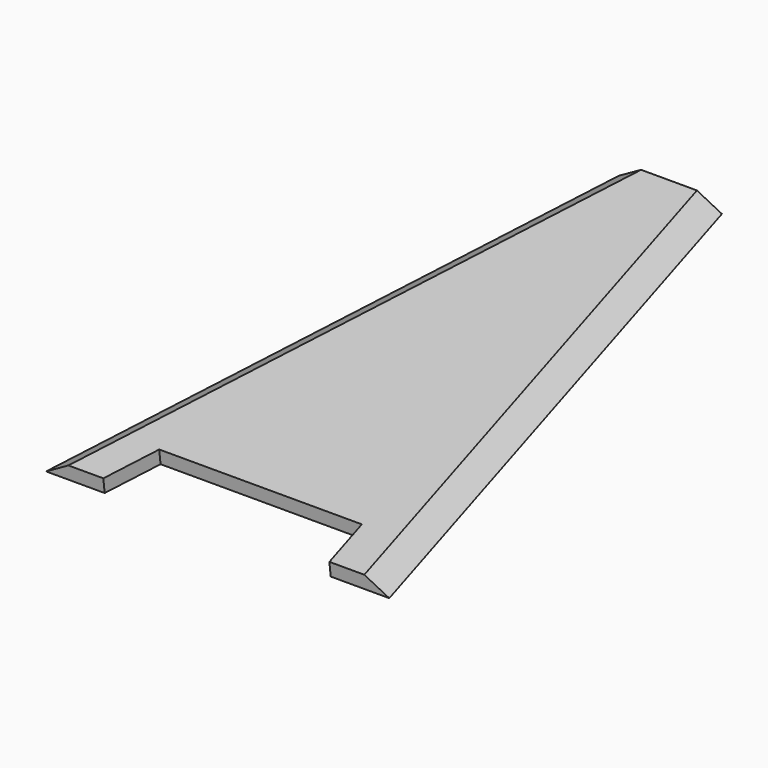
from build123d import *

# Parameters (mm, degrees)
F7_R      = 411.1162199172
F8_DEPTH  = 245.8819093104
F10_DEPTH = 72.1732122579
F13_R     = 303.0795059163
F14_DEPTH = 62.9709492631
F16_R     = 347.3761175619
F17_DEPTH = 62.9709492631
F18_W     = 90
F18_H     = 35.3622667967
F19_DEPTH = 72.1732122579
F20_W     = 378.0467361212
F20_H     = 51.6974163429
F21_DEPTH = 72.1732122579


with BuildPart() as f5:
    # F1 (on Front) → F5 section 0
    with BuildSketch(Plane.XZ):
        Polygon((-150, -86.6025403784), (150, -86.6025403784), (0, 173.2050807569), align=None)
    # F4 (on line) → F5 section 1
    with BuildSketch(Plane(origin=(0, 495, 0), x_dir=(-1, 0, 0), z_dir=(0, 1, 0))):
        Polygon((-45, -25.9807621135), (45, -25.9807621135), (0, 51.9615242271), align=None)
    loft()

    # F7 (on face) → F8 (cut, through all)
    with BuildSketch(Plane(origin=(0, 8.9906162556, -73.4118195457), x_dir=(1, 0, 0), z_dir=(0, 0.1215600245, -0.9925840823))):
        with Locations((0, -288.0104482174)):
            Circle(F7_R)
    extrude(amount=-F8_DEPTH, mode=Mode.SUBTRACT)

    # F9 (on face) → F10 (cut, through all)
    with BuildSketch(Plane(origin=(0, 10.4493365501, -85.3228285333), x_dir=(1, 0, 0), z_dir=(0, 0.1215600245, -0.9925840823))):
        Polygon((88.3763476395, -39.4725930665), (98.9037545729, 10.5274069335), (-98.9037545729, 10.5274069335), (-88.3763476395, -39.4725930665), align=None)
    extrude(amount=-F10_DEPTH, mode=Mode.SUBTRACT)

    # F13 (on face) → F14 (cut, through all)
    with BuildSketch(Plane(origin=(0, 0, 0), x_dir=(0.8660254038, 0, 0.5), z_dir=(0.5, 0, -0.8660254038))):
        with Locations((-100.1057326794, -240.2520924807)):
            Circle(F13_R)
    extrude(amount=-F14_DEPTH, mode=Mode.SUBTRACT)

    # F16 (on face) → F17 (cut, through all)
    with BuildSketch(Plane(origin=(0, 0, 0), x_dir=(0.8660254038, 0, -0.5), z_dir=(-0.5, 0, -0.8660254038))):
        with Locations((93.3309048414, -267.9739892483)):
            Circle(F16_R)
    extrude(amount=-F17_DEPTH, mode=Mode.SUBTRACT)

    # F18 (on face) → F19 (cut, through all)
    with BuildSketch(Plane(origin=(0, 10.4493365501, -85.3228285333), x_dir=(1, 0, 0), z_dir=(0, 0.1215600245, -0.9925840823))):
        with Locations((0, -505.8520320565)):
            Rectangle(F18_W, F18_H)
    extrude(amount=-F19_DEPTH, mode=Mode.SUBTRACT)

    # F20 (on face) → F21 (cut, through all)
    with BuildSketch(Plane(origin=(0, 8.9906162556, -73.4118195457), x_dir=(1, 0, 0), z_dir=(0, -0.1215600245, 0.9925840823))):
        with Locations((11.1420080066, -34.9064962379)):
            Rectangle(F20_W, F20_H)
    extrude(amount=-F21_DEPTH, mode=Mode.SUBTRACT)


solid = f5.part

================

Check all the records above and select each line where the string "section" is found.

    # F1 (on Front) → F5 section 0
    # F4 (on line) → F5 section 1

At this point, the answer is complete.